Oh shit. Woop, youtuber. Awesome channel bro


----------



## Edge (Sep 30, 2012)

blunted_nose said:


> Oh shit. Woop, youtuber. Awesome channel bro


Haha thanks dude


----------



## Donutz (May 12, 2010)

Edge said:


> Not far off! I don't restrict myself to one game, but that's pretty much it. Minecraft, CoD, Spooky games, pretty much anything people want to see.


Hm, I was going to guess either ballet or porn.


----------



## Edge (Sep 30, 2012)

Donutz said:


> Hm, I was going to guess either ballet or porn.

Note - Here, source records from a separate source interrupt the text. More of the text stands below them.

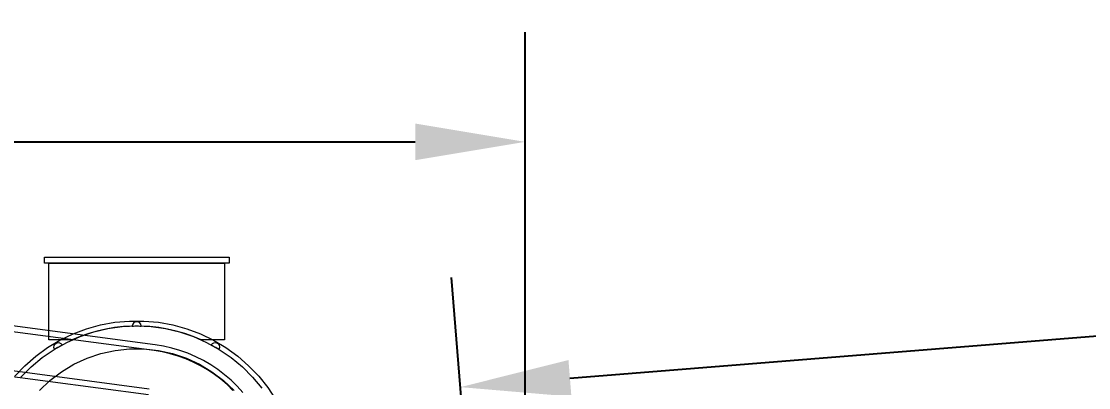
# Model space of a CAD drawing. Header units: millimetres. Extents: x -1970 to 34302, y -65268 to 6837.
# Drawn here: x 26941 to 28397, y 1746 to 2247 of the extents above; entities that cross this region are included whole.
import ezdxf

# ---------------------------------------------------------------- set-up
doc = ezdxf.new("R2010")
doc.units = ezdxf.units.MM
doc.layers.add('COTAS_P', color=1, linetype='Continuous', lineweight=0)
doc.layers.add('lateral_briquetadora', color=7, linetype='Continuous', lineweight=0)
doc.dimstyles.new('R19_100', dxfattribs={"dimtxt": 250, "dimasz": 150, "dimexe": 150, "dimexo": 80, "dimgap": 100, "dimtad": 1, "dimtih": 1, "dimtoh": 1, "dimdsep": 46, "dimcen": 0.09, "dimadec": 0, "dimazin": 0, "dimtfac": 1, "dimtdec": 4, "dimtofl": 0, "dimtmove": 0, "dimatfit": 3, "dimfxl": 1, "dimtolj": 1, "dimtzin": 0, "dimarcsym": 0})

# ---------------------------------------------------------------- blocks, each defined once
blk = doc.blocks.new('*D6')
at = {"layer": 'COTAS_P', "color": 0, "lineweight": -2, "transparency": 16777216}
for p, q in [((25128.2, 1262), (25128.2, 2232)), ((27628.2, 1262), (27628.2, 2232)), ((25278.2, 2082), (27478.2, 2082))]:
    blk.add_line(p, q, dxfattribs=at)
at = {"layer": 'COTAS_P', "color": 0, "transparency": 16777216}
for points in [[(25278.2, 2107), (25278.2, 2057), (25128.2, 2082)], [(27478.2, 2107), (27478.2, 2057), (27628.2, 2082)]]:
    blk.add_solid(points, dxfattribs=at)
at = {"layer": 'Defpoints', "color": 0, "transparency": 16777216}
for p in [(27628.2, 2082), (25128.2, 1182), (27628.2, 1182)]:
    blk.add_point(p, dxfattribs=at)
blk = doc.blocks.new('*D9')
at = {"layer": 'COTAS_P', "color": 0, "lineweight": -2, "transparency": 16777216}
for p, q in [((31941.6, 1279.7), (31863.6, 2246.6)), ((27689.3, 1759.2), (31726.2, 2085)), ((27605.7, 929.7), (27527.7, 1896.6))]:
    blk.add_line(p, q, dxfattribs=at)
at = {"layer": 'COTAS_P', "color": 0, "transparency": 16777216}
for points in [[(31724.1, 2109.9), (31728.2, 2060.1), (31875.7, 2097.1)], [(27687.3, 1784.1), (27691.3, 1734.2), (27539.8, 1747.1)]]:
    blk.add_solid(points, dxfattribs=at)
at = {"layer": 'Defpoints', "color": 0, "transparency": 16777216}
for p in [(31875.7, 2097.1), (31948.1, 1200), (27612.2, 850)]:
    blk.add_point(p, dxfattribs=at)

msp = doc.modelspace()

# ---------------------------------------------------------------- linework, layer by layer
at = {"layer": 'lateral_briquetadora'}
for p, q in [((27122.138, 1797.017), (25375.827, 2028.852)), ((27123.191, 1804.947), (25376.879, 2036.782)), ((27114.11, 1736.548), (25367.799, 1968.382)), ((27115.163, 1744.478), (25368.852, 1976.313)), ((26972.187, 1916.6), (26972.187, 1924.6)), ((26972.187, 1924.6), (27224.187, 1924.6)), ((27224.187, 1924.6), (27224.187, 1916.6)), ((27224.187, 1916.6), (26972.187, 1916.6)), ((26978.187, 1811.6), (26978.187, 1916.6)), ((26978.187, 1916.6), (27218.187, 1916.6)), ((27218.187, 1916.6), (27218.187, 1811.6)), ((27049.009, 1832.059), (27068.521, 1835.6)), ((27068.521, 1835.6), (27088.271, 1837.377)), ((27088.271, 1837.377), (27108.102, 1837.377)), ((27094.446, 1835.291), (27092.781, 1833.203)), ((27096.851, 1836.45), (27094.446, 1835.291)), ((27099.522, 1836.45), (27096.851, 1836.45)), ((27101.928, 1835.291), (27099.522, 1836.45)), ((27103.592, 1833.203), (27101.928, 1835.291)), ((27108.102, 1837.377), (27127.852, 1835.6)), ((27127.852, 1835.6), (27147.364, 1832.059)), ((27011.328, 1819.816), (27029.894, 1826.783)), ((27020.881, 1816.149), (27039.623, 1822.431)), ((27029.894, 1826.783), (27049.009, 1832.059)), ((27044.283, 1823.7), (27032.644, 1820.316)), ((27039.623, 1822.431), (27058.864, 1826.956)), ((27056.095, 1826.42), (27044.283, 1823.7)), ((27068.042, 1828.466), (27056.095, 1826.42)), ((27058.864, 1826.956), (27078.441, 1829.687)), ((27080.085, 1829.833), (27068.042, 1828.466)), ((27078.441, 1829.687), (27098.187, 1830.6)), ((27092.187, 1830.516), (27080.085, 1829.833)), ((27092.781, 1833.203), (27092.187, 1830.6)), ((27092.187, 1830.588), (27092.187, 1830.6)), ((27092.187, 1830.576), (27092.187, 1830.588)), ((27092.187, 1830.564), (27092.187, 1830.576)), ((27092.187, 1830.552), (27092.187, 1830.564)), ((27092.187, 1830.516), (27093.901, 1830.557)), ((27092.187, 1830.54), (27092.187, 1830.552)), ((27092.187, 1830.528), (27092.187, 1830.54)), ((27092.187, 1830.516), (27092.187, 1830.528)), ((27093.901, 1830.557), (27095.615, 1830.585)), ((27095.615, 1830.585), (27097.329, 1830.598)), ((27097.329, 1830.598), (27099.044, 1830.598)), ((27098.187, 1830.6), (27117.932, 1829.687)), ((27099.044, 1830.598), (27100.758, 1830.585)), ((27100.758, 1830.585), (27102.472, 1830.557)), ((27102.472, 1830.557), (27104.186, 1830.516)), ((27104.187, 1830.6), (27103.592, 1833.203)), ((27104.186, 1830.564), (27104.187, 1830.576)), ((27104.186, 1830.552), (27104.186, 1830.564)), ((27104.186, 1830.54), (27104.186, 1830.552)), ((27104.186, 1830.528), (27104.186, 1830.54)), ((27104.186, 1830.516), (27104.186, 1830.528)), ((27116.288, 1829.833), (27104.186, 1830.516)), ((27104.187, 1830.588), (27104.187, 1830.6)), ((27104.187, 1830.576), (27104.187, 1830.588)), ((27128.331, 1828.466), (27116.288, 1829.833)), ((27117.932, 1829.687), (27137.509, 1826.956)), ((27140.278, 1826.42), (27128.331, 1828.466)), ((27137.509, 1826.956), (27156.75, 1822.431)), ((27152.09, 1823.7), (27140.278, 1826.42)), ((27147.364, 1832.059), (27166.479, 1826.783)), ((27163.729, 1820.316), (27152.09, 1823.7)), ((27156.75, 1822.431), (27175.492, 1816.149)), ((27166.479, 1826.783), (27185.045, 1819.816)), ((26976.438, 1801.041), (26993.462, 1811.212)), ((27010.033, 1811.6), (26978.187, 1811.6)), ((26985.53, 1798.546), (27002.799, 1808.165)), ((26985.588, 1804.088), (26987.097, 1806.32)), ((26987.097, 1806.32), (26989.43, 1807.666)), ((26989.43, 1807.666), (26992.116, 1807.857)), ((26992.116, 1807.857), (26994.616, 1806.853)), ((26993.462, 1811.212), (27011.328, 1819.816)), ((26994.616, 1806.853), (26996.424, 1804.856)), ((27002.799, 1808.165), (27020.881, 1816.149)), ((27021.215, 1816.278), (27010.033, 1811.6)), ((27032.644, 1820.316), (27021.215, 1816.278)), ((27175.158, 1816.278), (27163.729, 1820.316)), ((27186.34, 1811.6), (27175.158, 1816.278)), ((27175.492, 1816.149), (27193.575, 1808.165)), ((27185.045, 1819.816), (27202.912, 1811.212)), ((27218.187, 1811.6), (27186.34, 1811.6)), ((27193.575, 1808.165), (27210.843, 1798.546)), ((27199.949, 1804.856), (27201.39, 1806.575)), ((27201.39, 1806.575), (27203.361, 1807.645)), ((27202.912, 1811.212), (27219.935, 1801.041)), ((27203.361, 1807.645), (27205.587, 1807.916)), ((27205.587, 1807.916), (27207.757, 1807.351)), ((27207.757, 1807.351), (27209.569, 1806.028)), ((27209.569, 1806.028), (27210.767, 1804.133)), ((26960.395, 1789.385), (26976.438, 1801.041)), ((26969.223, 1787.376), (26985.53, 1798.546)), ((26985.208, 1801.421), (26985.588, 1804.088)), ((26986.033, 1798.857), (26985.208, 1801.421)), ((26986.033, 1798.857), (26987.497, 1799.749)), ((26987.497, 1799.749), (26988.967, 1800.63)), ((26988.967, 1800.63), (26990.445, 1801.499)), ((26990.445, 1801.499), (26991.93, 1802.357)), ((26991.93, 1802.357), (26993.421, 1803.202)), ((26993.421, 1803.202), (26994.919, 1804.035)), ((26994.919, 1804.035), (26996.424, 1804.856)), ((27030.451, 1786.603), (27049.229, 1792.93)), ((27049.229, 1792.93), (27068.58, 1797.189)), ((27068.58, 1797.189), (27088.279, 1799.332)), ((27088.279, 1799.332), (27108.094, 1799.332)), ((27108.094, 1799.332), (27127.793, 1797.189)), ((27133.129, 1795.214), (27122.138, 1797.017)), ((27134.665, 1803.065), (27123.191, 1804.947)), ((27127.793, 1797.189), (27147.144, 1792.93)), ((27143.989, 1792.742), (27133.129, 1795.214)), ((27146.003, 1800.485), (27134.665, 1803.065)), ((27154.678, 1789.611), (27143.989, 1792.742)), ((27157.161, 1797.216), (27146.003, 1800.485)), ((27147.144, 1792.93), (27165.922, 1786.603)), ((27168.099, 1793.27), (27157.161, 1797.216)), ((27178.775, 1788.663), (27168.099, 1793.27)), ((27199.949, 1804.856), (27201.454, 1804.035)), ((27201.454, 1804.035), (27202.952, 1803.202)), ((27202.952, 1803.202), (27204.443, 1802.357)), ((27204.443, 1802.357), (27205.928, 1801.499)), ((27205.928, 1801.499), (27207.406, 1800.63)), ((27207.406, 1800.63), (27208.877, 1799.749)), ((27208.877, 1799.749), (27210.34, 1798.857)), ((27210.561, 1799.261), (27210.34, 1798.857)), ((27210.75, 1799.682), (27210.561, 1799.261)), ((27210.906, 1800.115), (27210.75, 1799.682)), ((27210.767, 1804.133), (27211.187, 1801.929)), ((27210.843, 1798.546), (27227.15, 1787.376)), ((27211.028, 1800.559), (27210.906, 1800.115)), ((27211.116, 1801.011), (27211.028, 1800.559)), ((27211.169, 1801.469), (27211.116, 1801.011)), ((27211.187, 1801.929), (27211.169, 1801.469)), ((27219.935, 1801.041), (27235.978, 1789.385)), ((26945.462, 1776.338), (26960.395, 1789.385)), ((26954.016, 1774.748), (26969.223, 1787.376)), ((26995.489, 1768.067), (27012.468, 1778.283)), ((27012.468, 1778.283), (27030.451, 1786.603)), ((27165.155, 1785.831), (27154.678, 1789.611)), ((27175.381, 1781.418), (27165.155, 1785.831)), ((27165.922, 1786.603), (27183.905, 1778.283)), ((27185.319, 1776.387), (27175.381, 1781.418)), ((27189.149, 1783.411), (27178.775, 1788.663)), ((27183.905, 1778.283), (27200.884, 1768.067)), ((27199.182, 1777.535), (27189.149, 1783.411)), ((27208.837, 1771.055), (27199.182, 1777.535)), ((27227.15, 1787.376), (27242.357, 1774.748)), ((27235.978, 1789.385), (27250.911, 1776.338)), ((26931.758, 1762.004), (26945.462, 1776.338)), ((26940.039, 1760.771), (26954.016, 1774.748)), ((26979.715, 1756.076), (26995.489, 1768.067)), ((27194.93, 1770.758), (27185.319, 1776.387)), ((27204.178, 1764.552), (27194.93, 1770.758)), ((27200.884, 1768.067), (27216.658, 1756.076)), ((27213.03, 1757.792), (27204.178, 1764.552)), ((27218.078, 1763.998), (27208.837, 1771.055)), ((27226.869, 1756.388), (27218.078, 1763.998)), ((27242.357, 1774.748), (27256.334, 1760.771)), ((27250.911, 1776.338), (27264.615, 1762.004)), ((26965.329, 1742.449), (26979.715, 1756.076)), ((27221.451, 1750.502), (27213.03, 1757.792)), ((27216.658, 1756.076), (27231.044, 1742.449)), ((27229.411, 1742.712), (27221.451, 1750.502)), ((27235.179, 1748.255), (27226.869, 1756.388)), ((27242.976, 1739.629), (27235.179, 1748.255)), ((27256.334, 1760.771), (27268.962, 1745.564)), ((27264.615, 1762.004), (27276.979, 1746.501)), ((27276.979, 1746.501), (27287.904, 1729.951))]:
    msp.add_line(p, q, dxfattribs=at)

# ---------------------------------------------------------------- dimensions: what is measured, and where the dimension line sits
at = {"layer": 'COTAS_P'}
for p1, p2, picture, middle in [((27612.187, 850), (31948.083, 1200), '*D9', (29707.721, 1922.082)), ((25128.187, 1182), (27628.187, 1182), '*D6', (26378.187, 2082))]:
    dim = msp.add_aligned_dim(p1=p1, p2=p2, distance=900, text='<> P', dimstyle='R19_100', dxfattribs=at)
    dim.commit()
    dim.dimension.update_dxf_attribs({"geometry": picture, "text_midpoint": middle})

doc.saveas('drawing.dxf')

Don't knock ballet! I know some pretty sick shredders who did it (; Making them spins look easy (;


----------



## CaP17A (Sep 23, 2011)

Ehrmegerd Snerberderng - YouTube

Snowboarding stuff mostly. And skating. Weinerz


----------



## blunted_nose (Apr 26, 2012)

Fridge. Snowolf. Can you please buy a damn gopro, because your vids would be much more high quality and nicer. Id watch your vids.


----------



## pwol (Mar 7, 2011)

pwol9 - YouTube

mostly motorcycle vids... I just started using my gopro to record my newb snowboarding skills.


----------



## Steelkeeper (Apr 11, 2012)

Nicola Turco - YouTube
enjoy! a lot of videos


----------



## sabatoa (Jan 18, 2011)

Yeah but it's just videos of my daughter. Ain't nobody got time for that.


----------



## oneshot (Oct 8, 2010)

100+ of my tasty edits of Snowmobiling, Snowboarding, Fishing and some misc videos

:thumbsup:
http://www.youtube.com/user/oneshotjonny


----------



## hikeswithdogs (Sep 23, 2011)

hikeswithdogs1's channel - YouTube

Slim pickens right now, hope to add more soon


----------



## Backcountry (Nov 27, 2012)

Edge said:


> Edge - Feelin' Steezy? - YouTube


You're actually a 'real' youtuber! Hahah congratz! Oh and by 'real' I mean big/partnered/a lot of subs


----------



## Deviant (Dec 22, 2009)

Mine but only one video and I stole it because I'm in it. Buying a gopro to record the Telluride trip but can't decide on the 2 or 3 (battery life)

Slosh Pit BMBW 2011 - YouTube


----------